Бегали вокруг и орали благим матом другие герои современного кино, не зная, как бы подсобить своему корефану, который явно терпит бедствие. Они стали пинать ногами Ярослава, но тот в пылу баталии не ощущал побоев. А еще через пару секунд герои разбежались, увидев, что очень быстро сюда приближаются полицейские.
- Валим, пацаны!
- Ё, откуда они свалились-то? Вчера соседи по пьянке друг друга убивали, до утра никто не приезжал, а тут!..
- Быстро! Хорош базарить, валим!
На полминуты Ярик оказался один на один со своим врагом, неприятелем такого не назовешь, и борьба сейчас шла жуткая, это уже не просто драка или противостояние, у обоих желание только убить. Кое-как крепкий старшеклассник стал выбираться из-под града неумелых ударов Ярослава и его кусаний, уже было встал на четвереньки, но вдруг Ярослав в пылу сообразил, что это именно тот, кто и пнул сильно пару раз его уже упавшую сестру, ему другие пацаны сказали, когда он выбегал из школы.
Ярослав увидел лежащий рядом кусок льда, схватил, когда полицейские уже были рядом, и со всего маху врезал сверху по голове стоявшего на карачках обидчика своей сестры. Этот удар был настолько удачен, что беда не заставила себя ждать. Оставались секунды, и Ярик использовал их для нанесения еще череды побоев.
Первый полицейский сразу же набросился на Ярослава, повалил его и упал с ним вместе сам. Второй стал обследовать пострадавшего, который бездыханно рухнул блатной физиономией в снег, уже окропленный кровью.
Прошла первая минута новой жизни Ярослава.
Один полицейский по рации вызывал скорую, не веря, что она еще нужна. Другой, постарше, по-прежнему сидел на снегу возле Ярослава, его шапка с кокардой валялась рядом, а вид был крайне удрученный. Кстати, полицейские выглядели вполне приличными мужчинами. Кто сидел на снегу, созерцая жуткую картину, с тоской и болью в сердце закурил.

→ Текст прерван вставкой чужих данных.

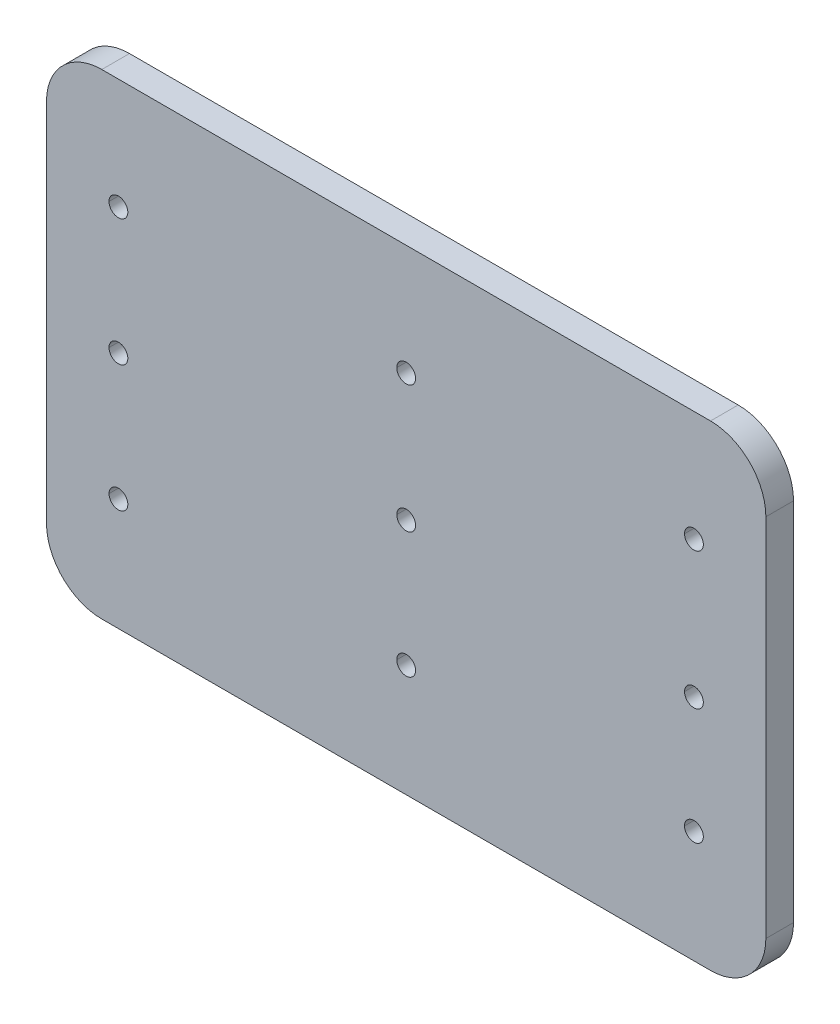
ISO-10303-21;
HEADER;
FILE_DESCRIPTION(('STEP AP214'),'2;1');
FILE_NAME('part.step','',(''),(''),'','','');
FILE_SCHEMA(('AUTOMOTIVE_DESIGN { 1 0 10303 214 1 1 1 1 }'));
ENDSEC;
DATA;
#1=APPLICATION_CONTEXT('core data for automotive mechanical design processes');
#2=APPLICATION_PROTOCOL_DEFINITION('international standard','automotive_design',2000,#1);
#3=PRODUCT_CONTEXT('',#1,'mechanical');
#4=PRODUCT('Part','Part','',(#3));
#5=PRODUCT_RELATED_PRODUCT_CATEGORY('part','',(#4));
#6=PRODUCT_DEFINITION_FORMATION('','',#4);
#7=PRODUCT_DEFINITION_CONTEXT('part definition',#1,'design');
#8=PRODUCT_DEFINITION('design','',#6,#7);
#9=PRODUCT_DEFINITION_SHAPE('','',#8);
#10=(LENGTH_UNIT() NAMED_UNIT(*) SI_UNIT(.MILLI.,.METRE.));
#11=(NAMED_UNIT(*) PLANE_ANGLE_UNIT() SI_UNIT($,.RADIAN.));
#12=(NAMED_UNIT(*) SI_UNIT($,.STERADIAN.) SOLID_ANGLE_UNIT());
#13=UNCERTAINTY_MEASURE_WITH_UNIT(LENGTH_MEASURE(1.E-05),#10,'distance_accuracy_value','');
#14=(GEOMETRIC_REPRESENTATION_CONTEXT(3) GLOBAL_UNCERTAINTY_ASSIGNED_CONTEXT((#13)) GLOBAL_UNIT_ASSIGNED_CONTEXT((#10,
#11,#12)) REPRESENTATION_CONTEXT('',''));
#15=CARTESIAN_POINT('',(0.,0.,0.));
#16=DIRECTION('',(0.,0.,1.));
#17=DIRECTION('',(1.,0.,0.));
#18=AXIS2_PLACEMENT_3D('',#15,#16,#17);
#19=CARTESIAN_POINT('',(116.318744279938,128.56204329235,170.581582908599));
#20=DIRECTION('',(0.,0.,-1.));
#21=DIRECTION('',(-1.,0.,0.));
#22=AXIS2_PLACEMENT_3D('',#19,#20,#21);
#23=CYLINDRICAL_SURFACE('',#22,1.7);
#24=CARTESIAN_POINT('',(116.318744279938,128.56204329235,170.581582908599));
#25=DIRECTION('',(0.,0.,1.));
#26=DIRECTION('',(1.,0.,0.));
#27=AXIS2_PLACEMENT_3D('',#24,#25,#26);
#28=CIRCLE('',#27,1.7);
#29=CARTESIAN_POINT('',(114.618744279938,128.56204329235,170.581582908599));
#30=VERTEX_POINT('',#29);
#31=CARTESIAN_POINT('',(118.018744279938,128.56204329235,170.581582908599));
#32=VERTEX_POINT('',#31);
#33=EDGE_CURVE('E11',#30,#32,#28,.T.);
#34=ORIENTED_EDGE('',*,*,#33,.T.);
#35=DIRECTION('',(0.,0.,-1.));
#36=VECTOR('',#35,1.);
#37=CARTESIAN_POINT('',(118.018744279938,128.56204329235,170.581582908599));
#38=LINE('',#37,#36);
#39=CARTESIAN_POINT('',(118.018744279938,128.56204329235,165.581582908599));
#40=VERTEX_POINT('',#39);
#41=EDGE_CURVE('E55',#32,#40,#38,.T.);
#42=ORIENTED_EDGE('',*,*,#41,.T.);
#43=CARTESIAN_POINT('',(116.318744279938,128.56204329235,165.581582908599));
#44=DIRECTION('',(0.,0.,1.));
#45=DIRECTION('',(1.,0.,0.));
#46=AXIS2_PLACEMENT_3D('',#43,#44,#45);
#47=CIRCLE('',#46,1.7);
#48=CARTESIAN_POINT('',(114.618744279938,128.56204329235,165.581582908599));
#49=VERTEX_POINT('',#48);
#50=EDGE_CURVE('E256',#49,#40,#47,.T.);
#51=ORIENTED_EDGE('',*,*,#50,.F.);
#52=DIRECTION('',(0.,0.,-1.));
#53=VECTOR('',#52,1.);
#54=CARTESIAN_POINT('',(114.618744279938,128.56204329235,170.581582908599));
#55=LINE('',#54,#53);
#56=EDGE_CURVE('E263',#30,#49,#55,.T.);
#57=ORIENTED_EDGE('',*,*,#56,.F.);
#58=EDGE_LOOP('',(#34,#42,#51,#57));
#59=FACE_BOUND('',#58,.T.);
#60=ADVANCED_FACE('F44',(#59),#23,.F.);
#61=CARTESIAN_POINT('',(220.318744279938,103.86204329235,170.581582908599));
#62=DIRECTION('',(0.,0.,-1.));
#63=DIRECTION('',(-1.,0.,0.));
#64=AXIS2_PLACEMENT_3D('',#61,#62,#63);
#65=CYLINDRICAL_SURFACE('',#64,1.7);
#66=CARTESIAN_POINT('',(220.318744279938,103.86204329235,170.581582908599));
#67=DIRECTION('',(0.,0.,1.));
#68=DIRECTION('',(1.,0.,0.));
#69=AXIS2_PLACEMENT_3D('',#66,#67,#68);
#70=CIRCLE('',#69,1.7);
#71=CARTESIAN_POINT('',(218.618744279938,103.86204329235,170.581582908599));
#72=VERTEX_POINT('',#71);
#73=CARTESIAN_POINT('',(222.018744279938,103.86204329235,170.581582908599));
#74=VERTEX_POINT('',#73);
#75=EDGE_CURVE('E322',#72,#74,#70,.T.);
#76=ORIENTED_EDGE('',*,*,#75,.T.);
#77=DIRECTION('',(0.,0.,-1.));
#78=VECTOR('',#77,1.);
#79=CARTESIAN_POINT('',(222.018744279938,103.86204329235,170.581582908599));
#80=LINE('',#79,#78);
#81=CARTESIAN_POINT('',(222.018744279938,103.86204329235,165.581582908599));
#82=VERTEX_POINT('',#81);
#83=EDGE_CURVE('E326',#74,#82,#80,.T.);
#84=ORIENTED_EDGE('',*,*,#83,.T.);
#85=CARTESIAN_POINT('',(220.318744279938,103.86204329235,165.581582908599));
#86=DIRECTION('',(0.,0.,1.));
#87=DIRECTION('',(1.,0.,0.));
#88=AXIS2_PLACEMENT_3D('',#85,#86,#87);
#89=CIRCLE('',#88,1.7);
#90=CARTESIAN_POINT('',(218.618744279938,103.86204329235,165.581582908599));
#91=VERTEX_POINT('',#90);
#92=EDGE_CURVE('E304',#91,#82,#89,.T.);
#93=ORIENTED_EDGE('',*,*,#92,.F.);
#94=DIRECTION('',(0.,0.,-1.));
#95=VECTOR('',#94,1.);
#96=CARTESIAN_POINT('',(218.618744279938,103.86204329235,170.581582908599));
#97=LINE('',#96,#95);
#98=EDGE_CURVE('E371',#72,#91,#97,.T.);
#99=ORIENTED_EDGE('',*,*,#98,.F.);
#100=EDGE_LOOP('',(#76,#84,#93,#99));
#101=FACE_BOUND('',#100,.T.);
#102=ADVANCED_FACE('F593',(#101),#65,.F.);
#103=CARTESIAN_POINT('',(168.318744279938,128.56204329235,170.581582908599));
#104=DIRECTION('',(0.,0.,-1.));
#105=DIRECTION('',(-1.,0.,0.));
#106=AXIS2_PLACEMENT_3D('',#103,#104,#105);
#107=CYLINDRICAL_SURFACE('',#106,1.7);
#108=CARTESIAN_POINT('',(168.318744279938,128.56204329235,170.581582908599));
#109=DIRECTION('',(0.,0.,1.));
#110=DIRECTION('',(1.,0.,0.));
#111=AXIS2_PLACEMENT_3D('',#108,#109,#110);
#112=CIRCLE('',#111,1.7);
#113=CARTESIAN_POINT('',(166.618744279938,128.56204329235,170.581582908599));
#114=VERTEX_POINT('',#113);
#115=CARTESIAN_POINT('',(170.018744279938,128.56204329235,170.581582908599));
#116=VERTEX_POINT('',#115);
#117=EDGE_CURVE('E452',#114,#116,#112,.T.);
#118=ORIENTED_EDGE('',*,*,#117,.T.);
#119=DIRECTION('',(0.,0.,-1.));
#120=VECTOR('',#119,1.);
#121=CARTESIAN_POINT('',(170.018744279938,128.56204329235,170.581582908599));
#122=LINE('',#121,#120);
#123=CARTESIAN_POINT('',(170.018744279938,128.56204329235,165.581582908599));
#124=VERTEX_POINT('',#123);
#125=EDGE_CURVE('E398',#116,#124,#122,.T.);
#126=ORIENTED_EDGE('',*,*,#125,.T.);
#127=CARTESIAN_POINT('',(168.318744279938,128.56204329235,165.581582908599));
#128=DIRECTION('',(0.,0.,1.));
#129=DIRECTION('',(1.,0.,0.));
#130=AXIS2_PLACEMENT_3D('',#127,#128,#129);
#131=CIRCLE('',#130,1.7);
#132=CARTESIAN_POINT('',(166.618744279938,128.56204329235,165.581582908599));
#133=VERTEX_POINT('',#132);
#134=EDGE_CURVE('E479',#133,#124,#131,.T.);
#135=ORIENTED_EDGE('',*,*,#134,.F.);
#136=DIRECTION('',(0.,0.,-1.));
#137=VECTOR('',#136,1.);
#138=CARTESIAN_POINT('',(166.618744279938,128.56204329235,170.581582908599));
#139=LINE('',#138,#137);
#140=EDGE_CURVE('E448',#114,#133,#139,.T.);
#141=ORIENTED_EDGE('',*,*,#140,.F.);
#142=EDGE_LOOP('',(#118,#126,#135,#141));
#143=FACE_BOUND('',#142,.T.);
#144=ADVANCED_FACE('F598',(#143),#107,.F.);
#145=CARTESIAN_POINT('',(168.318744279938,82.84204329235,170.581582908599));
#146=DIRECTION('',(0.,0.,-1.));
#147=DIRECTION('',(-1.,0.,0.));
#148=AXIS2_PLACEMENT_3D('',#145,#146,#147);
#149=CYLINDRICAL_SURFACE('',#148,1.7);
#150=CARTESIAN_POINT('',(168.318744279938,82.84204329235,170.581582908599));
#151=DIRECTION('',(0.,0.,1.));
#152=DIRECTION('',(1.,0.,0.));
#153=AXIS2_PLACEMENT_3D('',#150,#151,#152);
#154=CIRCLE('',#153,1.7);
#155=CARTESIAN_POINT('',(166.618744279938,82.84204329235,170.581582908599));
#156=VERTEX_POINT('',#155);
#157=CARTESIAN_POINT('',(170.018744279938,82.84204329235,170.581582908599));
#158=VERTEX_POINT('',#157);
#159=EDGE_CURVE('E394',#156,#158,#154,.T.);
#160=ORIENTED_EDGE('',*,*,#159,.T.);
#161=DIRECTION('',(0.,0.,-1.));
#162=VECTOR('',#161,1.);
#163=CARTESIAN_POINT('',(170.018744279938,82.84204329235,170.581582908599));
#164=LINE('',#163,#162);
#165=CARTESIAN_POINT('',(170.018744279938,82.84204329235,165.581582908599));
#166=VERTEX_POINT('',#165);
#167=EDGE_CURVE('E399',#158,#166,#164,.T.);
#168=ORIENTED_EDGE('',*,*,#167,.T.);
#169=CARTESIAN_POINT('',(168.318744279938,82.84204329235,165.581582908599));
#170=DIRECTION('',(0.,0.,1.));
#171=DIRECTION('',(1.,0.,0.));
#172=AXIS2_PLACEMENT_3D('',#169,#170,#171);
#173=CIRCLE('',#172,1.7);
#174=CARTESIAN_POINT('',(166.618744279938,82.84204329235,165.581582908599));
#175=VERTEX_POINT('',#174);
#176=EDGE_CURVE('E327',#175,#166,#173,.T.);
#177=ORIENTED_EDGE('',*,*,#176,.F.);
#178=DIRECTION('',(0.,0.,-1.));
#179=VECTOR('',#178,1.);
#180=CARTESIAN_POINT('',(166.618744279938,82.84204329235,170.581582908599));
#181=LINE('',#180,#179);
#182=EDGE_CURVE('E484',#156,#175,#181,.T.);
#183=ORIENTED_EDGE('',*,*,#182,.F.);
#184=EDGE_LOOP('',(#160,#168,#177,#183));
#185=FACE_BOUND('',#184,.T.);
#186=ADVANCED_FACE('F603',(#185),#149,.F.);
#187=CARTESIAN_POINT('',(168.318744279938,105.56204329235,170.581582908599));
#188=DIRECTION('',(0.,0.,-1.));
#189=DIRECTION('',(-1.,0.,0.));
#190=AXIS2_PLACEMENT_3D('',#187,#188,#189);
#191=CYLINDRICAL_SURFACE('',#190,1.7);
#192=CARTESIAN_POINT('',(168.318744279938,105.56204329235,170.581582908599));
#193=DIRECTION('',(0.,0.,1.));
#194=DIRECTION('',(1.,0.,0.));
#195=AXIS2_PLACEMENT_3D('',#192,#193,#194);
#196=CIRCLE('',#195,1.7);
#197=CARTESIAN_POINT('',(166.618744279938,105.56204329235,170.581582908599));
#198=VERTEX_POINT('',#197);
#199=CARTESIAN_POINT('',(170.018744279938,105.56204329235,170.581582908599));
#200=VERTEX_POINT('',#199);
#201=EDGE_CURVE('E340',#198,#200,#196,.T.);
#202=ORIENTED_EDGE('',*,*,#201,.T.);
#203=DIRECTION('',(0.,0.,-1.));
#204=VECTOR('',#203,1.);
#205=CARTESIAN_POINT('',(170.018744279938,105.56204329235,170.581582908599));
#206=LINE('',#205,#204);
#207=CARTESIAN_POINT('',(170.018744279938,105.56204329235,165.581582908599));
#208=VERTEX_POINT('',#207);
#209=EDGE_CURVE('E336',#200,#208,#206,.T.);
#210=ORIENTED_EDGE('',*,*,#209,.T.);
#211=CARTESIAN_POINT('',(168.318744279938,105.56204329235,165.581582908599));
#212=DIRECTION('',(0.,0.,1.));
#213=DIRECTION('',(1.,0.,0.));
#214=AXIS2_PLACEMENT_3D('',#211,#212,#213);
#215=CIRCLE('',#214,1.7);
#216=CARTESIAN_POINT('',(166.618744279938,105.56204329235,165.581582908599));
#217=VERTEX_POINT('',#216);
#218=EDGE_CURVE('E372',#217,#208,#215,.T.);
#219=ORIENTED_EDGE('',*,*,#218,.F.);
#220=DIRECTION('',(0.,0.,-1.));
#221=VECTOR('',#220,1.);
#222=CARTESIAN_POINT('',(166.618744279938,105.56204329235,170.581582908599));
#223=LINE('',#222,#221);
#224=EDGE_CURVE('E459',#198,#217,#223,.T.);
#225=ORIENTED_EDGE('',*,*,#224,.F.);
#226=EDGE_LOOP('',(#202,#210,#219,#225));
#227=FACE_BOUND('',#226,.T.);
#228=ADVANCED_FACE('F743',(#227),#191,.F.);
#229=CARTESIAN_POINT('',(116.318744279938,105.70204329235,170.581582908599));
#230=DIRECTION('',(0.,0.,-1.));
#231=DIRECTION('',(-1.,0.,0.));
#232=AXIS2_PLACEMENT_3D('',#229,#230,#231);
#233=CYLINDRICAL_SURFACE('',#232,1.7);
#234=CARTESIAN_POINT('',(116.318744279938,105.70204329235,170.581582908599));
#235=DIRECTION('',(0.,0.,1.));
#236=DIRECTION('',(1.,0.,0.));
#237=AXIS2_PLACEMENT_3D('',#234,#235,#236);
#238=CIRCLE('',#237,1.7);
#239=CARTESIAN_POINT('',(114.618744279938,105.70204329235,170.581582908599));
#240=VERTEX_POINT('',#239);
#241=CARTESIAN_POINT('',(118.018744279938,105.70204329235,170.581582908599));
#242=VERTEX_POINT('',#241);
#243=EDGE_CURVE('E286',#240,#242,#238,.T.);
#244=ORIENTED_EDGE('',*,*,#243,.T.);
#245=DIRECTION('',(0.,0.,-1.));
#246=VECTOR('',#245,1.);
#247=CARTESIAN_POINT('',(118.018744279938,105.70204329235,170.581582908599));
#248=LINE('',#247,#246);
#249=CARTESIAN_POINT('',(118.018744279938,105.70204329235,165.581582908599));
#250=VERTEX_POINT('',#249);
#251=EDGE_CURVE('E283',#242,#250,#248,.T.);
#252=ORIENTED_EDGE('',*,*,#251,.T.);
#253=CARTESIAN_POINT('',(116.318744279938,105.70204329235,165.581582908599));
#254=DIRECTION('',(0.,0.,1.));
#255=DIRECTION('',(1.,0.,0.));
#256=AXIS2_PLACEMENT_3D('',#253,#254,#255);
#257=CIRCLE('',#256,1.7);
#258=CARTESIAN_POINT('',(114.618744279938,105.70204329235,165.581582908599));
#259=VERTEX_POINT('',#258);
#260=EDGE_CURVE('E271',#259,#250,#257,.T.);
#261=ORIENTED_EDGE('',*,*,#260,.F.);
#262=DIRECTION('',(0.,0.,-1.));
#263=VECTOR('',#262,1.);
#264=CARTESIAN_POINT('',(114.618744279938,105.70204329235,170.581582908599));
#265=LINE('',#264,#263);
#266=EDGE_CURVE('E294',#240,#259,#265,.T.);
#267=ORIENTED_EDGE('',*,*,#266,.F.);
#268=EDGE_LOOP('',(#244,#252,#261,#267));
#269=FACE_BOUND('',#268,.T.);
#270=ADVANCED_FACE('F284',(#269),#233,.F.);
#271=CARTESIAN_POINT('',(220.318744279938,82.84204329235,170.581582908599));
#272=DIRECTION('',(0.,0.,-1.));
#273=DIRECTION('',(-1.,0.,0.));
#274=AXIS2_PLACEMENT_3D('',#271,#272,#273);
#275=CYLINDRICAL_SURFACE('',#274,1.7);
#276=CARTESIAN_POINT('',(220.318744279938,82.84204329235,170.581582908599));
#277=DIRECTION('',(0.,0.,1.));
#278=DIRECTION('',(1.,0.,0.));
#279=AXIS2_PLACEMENT_3D('',#276,#277,#278);
#280=CIRCLE('',#279,1.7);
#281=CARTESIAN_POINT('',(218.618744279938,82.84204329235,170.581582908599));
#282=VERTEX_POINT('',#281);
#283=CARTESIAN_POINT('',(222.018744279938,82.84204329235,170.581582908599));
#284=VERTEX_POINT('',#283);
#285=EDGE_CURVE('E291',#282,#284,#280,.T.);
#286=ORIENTED_EDGE('',*,*,#285,.T.);
#287=DIRECTION('',(0.,0.,-1.));
#288=VECTOR('',#287,1.);
#289=CARTESIAN_POINT('',(222.018744279938,82.84204329235,170.581582908599));
#290=LINE('',#289,#288);
#291=CARTESIAN_POINT('',(222.018744279938,82.84204329235,165.581582908599));
#292=VERTEX_POINT('',#291);
#293=EDGE_CURVE('E432',#284,#292,#290,.T.);
#294=ORIENTED_EDGE('',*,*,#293,.T.);
#295=CARTESIAN_POINT('',(220.318744279938,82.84204329235,165.581582908599));
#296=DIRECTION('',(0.,0.,1.));
#297=DIRECTION('',(1.,0.,0.));
#298=AXIS2_PLACEMENT_3D('',#295,#296,#297);
#299=CIRCLE('',#298,1.7);
#300=CARTESIAN_POINT('',(218.618744279938,82.84204329235,165.581582908599));
#301=VERTEX_POINT('',#300);
#302=EDGE_CURVE('E296',#301,#292,#299,.T.);
#303=ORIENTED_EDGE('',*,*,#302,.F.);
#304=DIRECTION('',(0.,0.,-1.));
#305=VECTOR('',#304,1.);
#306=CARTESIAN_POINT('',(218.618744279938,82.84204329235,170.581582908599));
#307=LINE('',#306,#305);
#308=EDGE_CURVE('E321',#282,#301,#307,.T.);
#309=ORIENTED_EDGE('',*,*,#308,.F.);
#310=EDGE_LOOP('',(#286,#294,#303,#309));
#311=FACE_BOUND('',#310,.T.);
#312=ADVANCED_FACE('F609',(#311),#275,.F.);
#313=CARTESIAN_POINT('',(220.318744279938,128.56204329235,170.581582908599));
#314=DIRECTION('',(0.,0.,-1.));
#315=DIRECTION('',(-1.,0.,0.));
#316=AXIS2_PLACEMENT_3D('',#313,#314,#315);
#317=CYLINDRICAL_SURFACE('',#316,1.7);
#318=CARTESIAN_POINT('',(220.318744279938,128.56204329235,170.581582908599));
#319=DIRECTION('',(0.,0.,1.));
#320=DIRECTION('',(1.,0.,0.));
#321=AXIS2_PLACEMENT_3D('',#318,#319,#320);
#322=CIRCLE('',#321,1.7);
#323=CARTESIAN_POINT('',(218.618744279938,128.56204329235,170.581582908599));
#324=VERTEX_POINT('',#323);
#325=CARTESIAN_POINT('',(222.018744279938,128.56204329235,170.581582908599));
#326=VERTEX_POINT('',#325);
#327=EDGE_CURVE('E428',#324,#326,#322,.T.);
#328=ORIENTED_EDGE('',*,*,#327,.T.);
#329=DIRECTION('',(0.,0.,-1.));
#330=VECTOR('',#329,1.);
#331=CARTESIAN_POINT('',(222.018744279938,128.56204329235,170.581582908599));
#332=LINE('',#331,#330);
#333=CARTESIAN_POINT('',(222.018744279938,128.56204329235,165.581582908599));
#334=VERTEX_POINT('',#333);
#335=EDGE_CURVE('E433',#326,#334,#332,.T.);
#336=ORIENTED_EDGE('',*,*,#335,.T.);
#337=CARTESIAN_POINT('',(220.318744279938,128.56204329235,165.581582908599));
#338=DIRECTION('',(0.,0.,1.));
#339=DIRECTION('',(1.,0.,0.));
#340=AXIS2_PLACEMENT_3D('',#337,#338,#339);
#341=CIRCLE('',#340,1.7);
#342=CARTESIAN_POINT('',(218.618744279938,128.56204329235,165.581582908599));
#343=VERTEX_POINT('',#342);
#344=EDGE_CURVE('E437',#343,#334,#341,.T.);
#345=ORIENTED_EDGE('',*,*,#344,.F.);
#346=DIRECTION('',(0.,0.,-1.));
#347=VECTOR('',#346,1.);
#348=CARTESIAN_POINT('',(218.618744279938,128.56204329235,170.581582908599));
#349=LINE('',#348,#347);
#350=EDGE_CURVE('E307',#324,#343,#349,.T.);
#351=ORIENTED_EDGE('',*,*,#350,.F.);
#352=EDGE_LOOP('',(#328,#336,#345,#351));
#353=FACE_BOUND('',#352,.T.);
#354=ADVANCED_FACE('F607',(#353),#317,.F.);
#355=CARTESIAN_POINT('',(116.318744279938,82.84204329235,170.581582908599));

- Эх, пацан-пацан, что же ты наделал?
Ярик хлюпал носом, понимая, что теперь уж точно тюрьма и ему. Прямо как и его папе. Двоим сразу вряд ли амнистию дадут, даже если срок президентства будет не более ста лет.
- Что хнычешь-то? Кино насмотрелся, да? Бить камнем по голове научился? Ну вот, приплыл, как видишь.
Ярослав разревелся, то ли больше от страха, то ли от обиды на всю ту реальность, в которой он жил, нет, существовал, ведь кто-то там спросил: «Разве ж это жизнь?»
- За что ты его так? – поинтересовался второй полицейский, оказывая первую помощь пострадавшему, походившую больше на «мертвому припарка».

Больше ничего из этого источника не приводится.